General aspects of PRO data collection and use
Finally, we asked the health professionals whether they believe that PRO questionnaires are useful for obtaining information about the health status and well-being of their patients. If the answer was positive, we posed follow-up questions on the use of PROs in clinical practice (e.g., “How often would you like to receive PRO information about a patient during treatment?”; “Do you think it is useful to have access to PRO results via the electronic medical record?”). If the initial response regarding usefulness of PROs was negative, they were asked to explain their rating.
Statistical analyses
We used descriptive statistics for sociodemographics, clinical data, and the general questions. For each question assessing understanding, we calculated the percentage of participants with a correct answer. In addition, we calculated the mean number of correct answers for questions on the understanding of absolute scores, for questions on change over all four time points, for questions on specific change and a total score of all correct answers. For patients, the maximum number of correct answers was 12 (4 domains × 3 questions) and for health professionals 6 (2 domains × 3 questions). We used Kruskal–Wallis tests to compare the number of correct answers to the questions assessing absolute scores, overall change, and specific change as a function of the graphical presentation styles. We used the Mann–Whitney U test to assess differences in understanding as a function of profession (medical specialists versus nurses and other health professionals combined). Using t-tests, we compared differences in understanding of functioning scales and symptom scales, in understanding of professionals with and without previous experience with PROs, in understanding of men versus women, and in understanding of younger versus older participants. One-way ANOVA was used to test whether objective understanding was influenced by educational level. We calculated the percentage of respondents who expressed a preference for each of the graphical presentation styles and used the Chi-square statistic to assess differences in preferences. We considered p-values below 0.05 to be statistically significant.
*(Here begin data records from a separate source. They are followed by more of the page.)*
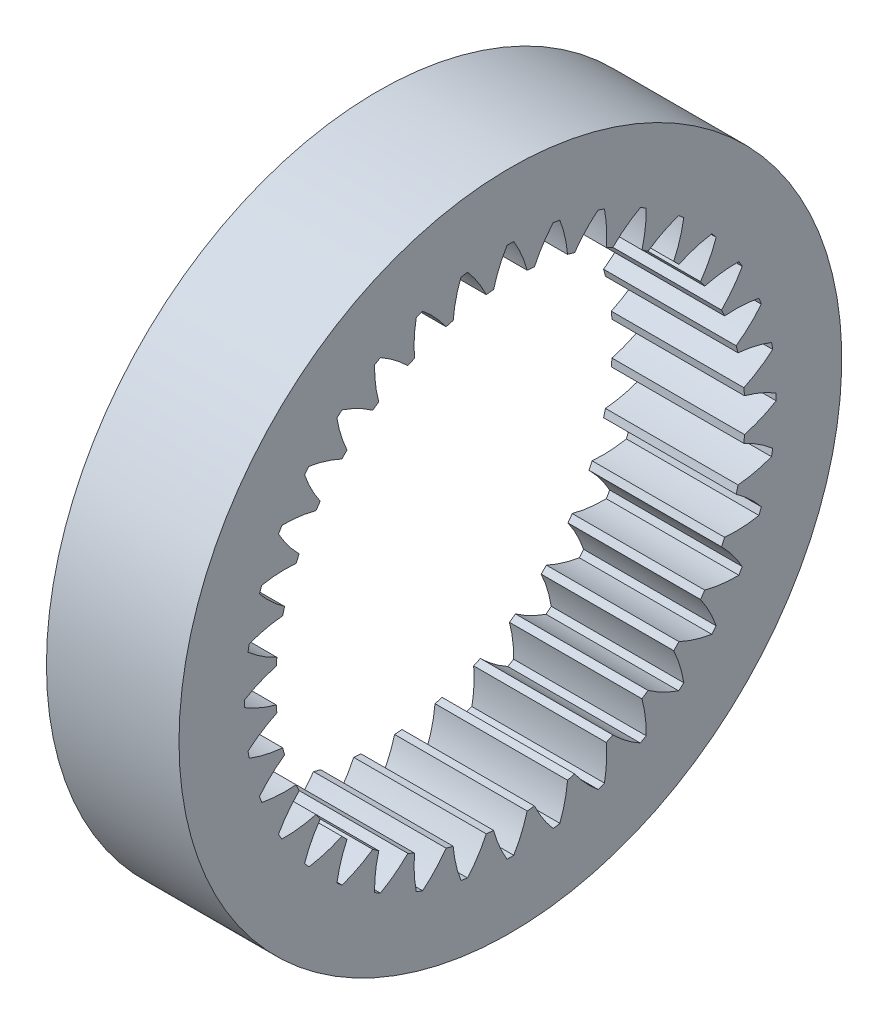
from build123d import *

# Parameters (mm, degrees)
BASPROSKE_W     = 12
BASPROSKE_H     = 8.75
TOOTHCUT_DEPTH  = 45.09081537
TEETHCUTS_COUNT = 36
TEETHCUTS_ANGLE = 350


with BuildPart() as part:
    # BasProSke → Base-Revolve (revolve)
    with BuildSketch(Plane(origin=(0, 0, 0), x_dir=(1, 0, 0), z_dir=(0, 1, 0))):
        with Locations((6, 25.625)):
            Rectangle(BASPROSKE_W, BASPROSKE_H)
    revolve(axis=Axis((-10, 0, 0), (1, 0, 0)))

    # TooCutSke → ToothCut (cut, through all)
    with BuildSketch(Plane(origin=(0, 0, 0), x_dir=(0, 0, -1), z_dir=(1, 0, 0))):
        with BuildLine():
            ThreePointArc((1.526741109, 21.169617539), (1.017792977, 22.658366355), (0.306126421, 24.061552711))
            ThreePointArc((0.306126421, 24.061552711), (0, 24.0635), (-0.306126421, 24.061552711))
            ThreePointArc((-0.306126421, 24.061552711), (-1.017792977, 22.658366355), (-1.526741109, 21.169617539))
            ThreePointArc((-1.526741109, 21.169617539), (0, 21.2246), (1.526741109, 21.169617539))
        make_face()
    toothcut = extrude(amount=TOOTHCUT_DEPTH, mode=Mode.SUBTRACT)

    # TeethCuts: ToothCut ×36 about axis
    teethcuts_axis = Axis((-10, 0, 0), (1, 0, 0))
    for i in range(1, TEETHCUTS_COUNT):
        add(toothcut.rotate(teethcuts_axis, i * TEETHCUTS_ANGLE / (TEETHCUTS_COUNT - 1)), mode=Mode.SUBTRACT)


solid = part.part

All analyses were performed using the Statistical Package for the Social Sciences (SPSS) version 22.
Results
Patient survey
Sociodemographics
A total of 548 patients participated (the Netherlands N = 236, Austria N = 151, Poland N = 100, the UK N = 61). The mean age was 60.6 years (SD 12.3), and 54 % was female. The most common diagnoses were breast cancer (25.7 %), colorectal cancer (12.8 %), and lung cancer (11.7 %), and 61.2 % of patients had UICC stage III or IV disease. Approximately three-quarter of the patients were on active treatment at the time they completed the questionnaire. Further patient characteristics are shown in Table 1.
Table 1.
Age | |
Mean (SD) | 60.6 (12.3) |
Range | 19–89 |
Sex | |
Female | 54.0 % |
Male | 46.0 % |
Education | |
Compulsory or less | 31.2 % |
Post compulsory | 41.6 % |
University or college | 27.3 % |
Employment status | |
Full-time job | 20.4 % |
Part-time job | 10.2 % |
Homemaker | 7.4 % |
Retired | 36.3 % |
Unemployed | 3.7 % |
Student | 0.2 % |
Other | 11.8 % |
UICC stage | |
I | 9.9 % |
II | 28.9 % |
III | 24.4 % |
IV | 36.8 % |
Cancer site (primary) | |
Breast cancer | 25.7 % |
Colorectal cancer | 12.8 % |
Lung cancer | 11.7 % |
Head and neck cancer | 8.0 % |
Prostate cancer | 7.4 % |
Non-Hodgkin lymphoma | 7.3 % |
Stomach/esophageal cancer | 6.6 % |
Gynecologic cancer | 6.0 % |
Other | 14.5 % |
Treatment status | |
On-treatment | 74.3 % |
Off-treatment | 25.7 % |
Graphical presentation styles
Randomized allocation of patients to the five graphical presentation styles resulted in 20.6 % of the patients receiving non-colored bar charts, 21.7 % receiving non-colored line charts, 19.7 % receiving colored bar charts, 18.6 % receiving colored line charts, and 19.3 % receiving heat maps (see Fig. 2a–e).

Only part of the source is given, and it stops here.